Derweil wurden die Sicherungsarbeiten, die von der Stadt auferlegt wurden, abgeschlossen. „In Kürze wird eine erneute Sichtung vorgenommen, ob es Veränderungen gegeben hat“, sagt Knaak. Nach dem Polizeieinsatz und einem geplatzten Rohr hatte die Stadt dem Eigentümer Auflagen gemacht – auch, um die Nachbarn zu schützen, sollten weitere Teile des Hauses oder der Dachstuhl einstürzen.

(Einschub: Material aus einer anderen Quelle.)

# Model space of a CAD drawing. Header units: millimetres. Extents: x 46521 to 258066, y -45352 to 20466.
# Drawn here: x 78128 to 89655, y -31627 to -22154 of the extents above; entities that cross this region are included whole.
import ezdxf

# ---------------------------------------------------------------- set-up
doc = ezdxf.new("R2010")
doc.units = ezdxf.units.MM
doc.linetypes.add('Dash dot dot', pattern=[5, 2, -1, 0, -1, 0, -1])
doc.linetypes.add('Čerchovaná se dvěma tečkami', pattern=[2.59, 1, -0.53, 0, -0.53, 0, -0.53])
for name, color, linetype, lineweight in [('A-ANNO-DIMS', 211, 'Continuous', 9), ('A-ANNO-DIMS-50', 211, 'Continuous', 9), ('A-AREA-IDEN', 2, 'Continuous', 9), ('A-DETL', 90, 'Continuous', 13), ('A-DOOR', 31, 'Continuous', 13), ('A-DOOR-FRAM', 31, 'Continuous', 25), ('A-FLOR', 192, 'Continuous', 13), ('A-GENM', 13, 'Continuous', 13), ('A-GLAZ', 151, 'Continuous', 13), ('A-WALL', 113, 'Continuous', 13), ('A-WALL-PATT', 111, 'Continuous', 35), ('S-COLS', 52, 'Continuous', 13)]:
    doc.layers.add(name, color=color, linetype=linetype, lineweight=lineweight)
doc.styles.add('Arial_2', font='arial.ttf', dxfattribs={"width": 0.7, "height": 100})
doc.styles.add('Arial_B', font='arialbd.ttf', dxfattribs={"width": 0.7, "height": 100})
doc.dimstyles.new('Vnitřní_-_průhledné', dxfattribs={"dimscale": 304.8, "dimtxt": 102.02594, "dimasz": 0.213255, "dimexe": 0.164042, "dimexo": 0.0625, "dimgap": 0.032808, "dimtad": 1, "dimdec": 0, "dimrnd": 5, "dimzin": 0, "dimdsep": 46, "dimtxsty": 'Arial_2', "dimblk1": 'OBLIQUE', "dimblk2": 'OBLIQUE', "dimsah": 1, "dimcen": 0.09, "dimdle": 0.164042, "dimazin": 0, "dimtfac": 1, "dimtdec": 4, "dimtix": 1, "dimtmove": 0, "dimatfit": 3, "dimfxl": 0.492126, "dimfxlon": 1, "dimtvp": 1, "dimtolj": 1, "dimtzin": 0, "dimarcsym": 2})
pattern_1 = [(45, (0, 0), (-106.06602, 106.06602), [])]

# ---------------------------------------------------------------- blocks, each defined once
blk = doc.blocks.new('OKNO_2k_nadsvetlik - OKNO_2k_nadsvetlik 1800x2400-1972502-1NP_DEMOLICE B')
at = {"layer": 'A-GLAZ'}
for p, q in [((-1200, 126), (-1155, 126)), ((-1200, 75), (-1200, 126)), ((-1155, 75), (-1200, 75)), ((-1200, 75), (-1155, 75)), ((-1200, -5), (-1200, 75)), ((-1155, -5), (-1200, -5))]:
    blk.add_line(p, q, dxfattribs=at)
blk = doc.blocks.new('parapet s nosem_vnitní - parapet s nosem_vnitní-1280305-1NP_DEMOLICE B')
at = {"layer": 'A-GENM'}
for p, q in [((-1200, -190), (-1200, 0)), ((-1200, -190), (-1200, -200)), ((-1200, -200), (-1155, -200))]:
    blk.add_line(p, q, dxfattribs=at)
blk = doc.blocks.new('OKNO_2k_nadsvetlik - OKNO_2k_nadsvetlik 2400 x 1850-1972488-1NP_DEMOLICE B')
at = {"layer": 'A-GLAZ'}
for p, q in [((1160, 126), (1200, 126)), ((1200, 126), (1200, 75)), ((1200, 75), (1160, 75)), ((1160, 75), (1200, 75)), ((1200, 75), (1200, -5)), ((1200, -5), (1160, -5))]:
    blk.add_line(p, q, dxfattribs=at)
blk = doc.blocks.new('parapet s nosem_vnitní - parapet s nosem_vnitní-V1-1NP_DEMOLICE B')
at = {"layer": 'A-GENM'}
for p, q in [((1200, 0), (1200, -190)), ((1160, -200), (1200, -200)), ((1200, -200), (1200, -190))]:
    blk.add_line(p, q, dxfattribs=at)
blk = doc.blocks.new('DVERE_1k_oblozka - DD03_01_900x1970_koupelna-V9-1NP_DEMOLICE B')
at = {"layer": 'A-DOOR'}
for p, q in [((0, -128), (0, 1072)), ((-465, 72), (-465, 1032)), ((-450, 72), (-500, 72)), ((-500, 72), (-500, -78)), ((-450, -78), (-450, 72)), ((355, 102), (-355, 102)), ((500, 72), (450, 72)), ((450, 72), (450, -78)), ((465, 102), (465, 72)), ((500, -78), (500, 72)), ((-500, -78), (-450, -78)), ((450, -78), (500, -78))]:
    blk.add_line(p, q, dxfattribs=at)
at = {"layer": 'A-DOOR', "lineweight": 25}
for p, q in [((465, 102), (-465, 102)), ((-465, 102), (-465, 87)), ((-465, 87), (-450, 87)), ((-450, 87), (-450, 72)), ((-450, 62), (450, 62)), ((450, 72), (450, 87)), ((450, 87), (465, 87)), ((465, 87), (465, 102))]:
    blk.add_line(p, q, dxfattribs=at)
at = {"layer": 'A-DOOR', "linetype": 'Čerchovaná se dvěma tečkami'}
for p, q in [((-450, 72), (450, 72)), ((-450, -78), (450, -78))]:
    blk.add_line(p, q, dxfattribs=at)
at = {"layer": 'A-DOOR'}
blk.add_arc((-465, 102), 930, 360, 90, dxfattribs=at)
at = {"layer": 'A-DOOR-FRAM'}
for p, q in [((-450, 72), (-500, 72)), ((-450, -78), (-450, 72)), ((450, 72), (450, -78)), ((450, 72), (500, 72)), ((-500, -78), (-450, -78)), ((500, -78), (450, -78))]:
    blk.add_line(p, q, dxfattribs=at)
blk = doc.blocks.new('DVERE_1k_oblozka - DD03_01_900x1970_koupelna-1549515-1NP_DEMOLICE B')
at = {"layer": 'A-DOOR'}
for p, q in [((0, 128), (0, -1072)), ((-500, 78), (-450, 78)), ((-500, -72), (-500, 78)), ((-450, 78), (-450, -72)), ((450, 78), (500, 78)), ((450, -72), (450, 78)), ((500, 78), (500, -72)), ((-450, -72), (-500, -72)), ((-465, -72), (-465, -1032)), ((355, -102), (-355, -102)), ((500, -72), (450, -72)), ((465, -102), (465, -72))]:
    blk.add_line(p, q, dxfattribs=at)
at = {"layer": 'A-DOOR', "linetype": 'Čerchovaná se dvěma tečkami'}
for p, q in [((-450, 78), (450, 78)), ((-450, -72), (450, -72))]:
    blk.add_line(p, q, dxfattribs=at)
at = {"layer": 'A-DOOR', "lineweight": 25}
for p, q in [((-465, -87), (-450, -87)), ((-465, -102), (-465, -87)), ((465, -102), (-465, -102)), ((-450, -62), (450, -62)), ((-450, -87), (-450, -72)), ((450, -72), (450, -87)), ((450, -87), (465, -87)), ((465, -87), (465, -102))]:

6 Warum werden solche Häuser überhaupt gekauft und vermietet? In Koblenz gibt es offenbar einen parallelen Mietwohnungsmarkt für Menschen, die auf sehr günstigen Wohnraum angewiesen sind – sei es, weil sie kein Einkommen haben, vom Jobcenter unterstützt werden oder anderweitig Probleme haben, an Wohnungen auf dem ersten Wohnungsmarkt zu gelangen (etwa ehemalige Gefängnisinsassen, Junkies, Flüchtlinge). Ein Insider hatte unserer Zeitung berichtet, dass es in Koblenz einige Immobilienbesitzer gibt, die gezielt Geld mit sozial schwachen Menschen machen und sehr gern an Jobcenterkunden vermieten, weil auf diesem Weg die Miete sicher überwiesen wird (wir berichteten). Einen Kontakt zu dem Immobilienbesitzer zu bekommen, ist uns bislang nicht gelungen.